Exercise description: Could you retype all of the records exactly, leaving out every picture?

START Records shown

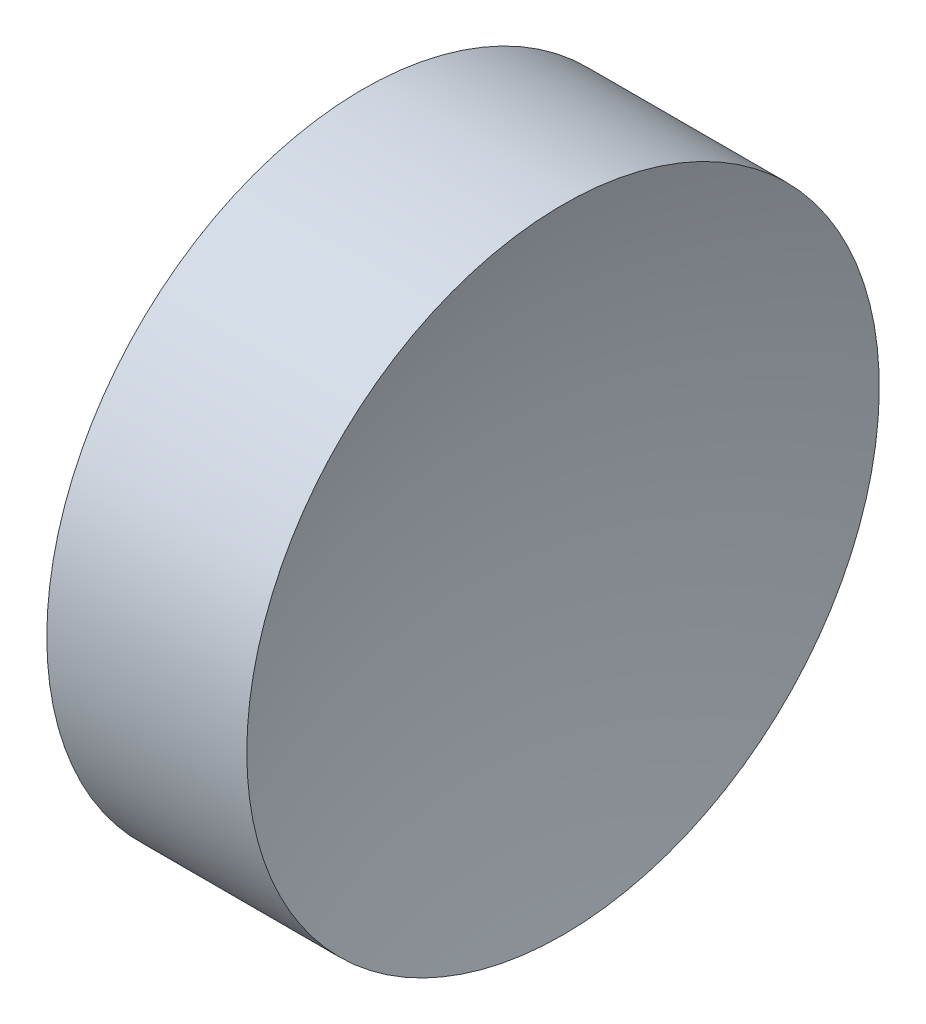
from build123d import *


with BuildPart() as part:
    # 草图1 → 旋转1 (revolve)
    with BuildSketch(Plane.XY, mode=Mode.PRIVATE) as revolve_1_sk:
        with BuildLine():
            Line((22.309268833, 13.031126091), (22.309268833, 16.181126091))
            Line((22.309268833, 16.181126091), (24.301260904, 16.181126091))
            ThreePointArc((24.301260904, 16.181126091), (23.933007962, 14.625221148), (23.809268833, 13.031126091))
            Line((23.809268833, 13.031126091), (22.309268833, 13.031126091))
        make_face()
    revolve(revolve_1_sk.sketch.rotate(Axis((20.684030635, 13.031126091, 0), (1, 0, 0)), 180), axis=Axis((20.684030635, 13.031126091, 0), (1, 0, 0)))  # turned: the seam where the file's is


solid = part.part

END Records shown

Your response:
from build123d import *


with BuildPart() as part:
    # 草图1 → 旋转1 (revolve)
    with BuildSketch(Plane.XY, mode=Mode.PRIVATE) as revolve_1_sk:
        with BuildLine():
            Line((22.309268833, 13.031126091), (22.309268833, 16.181126091))
            Line((22.309268833, 16.181126091), (24.301260904, 16.181126091))
            ThreePointArc((24.301260904, 16.181126091), (23.933007962, 14.625221148), (23.809268833, 13.031126091))
            Line((23.809268833, 13.031126091), (22.309268833, 13.031126091))
        make_face()
    revolve(revolve_1_sk.sketch.rotate(Axis((20.684030635, 13.031126091, 0), (1, 0, 0)), 180), axis=Axis((20.684030635, 13.031126091, 0), (1, 0, 0)))  # turned: the seam where the file's is


solid = part.part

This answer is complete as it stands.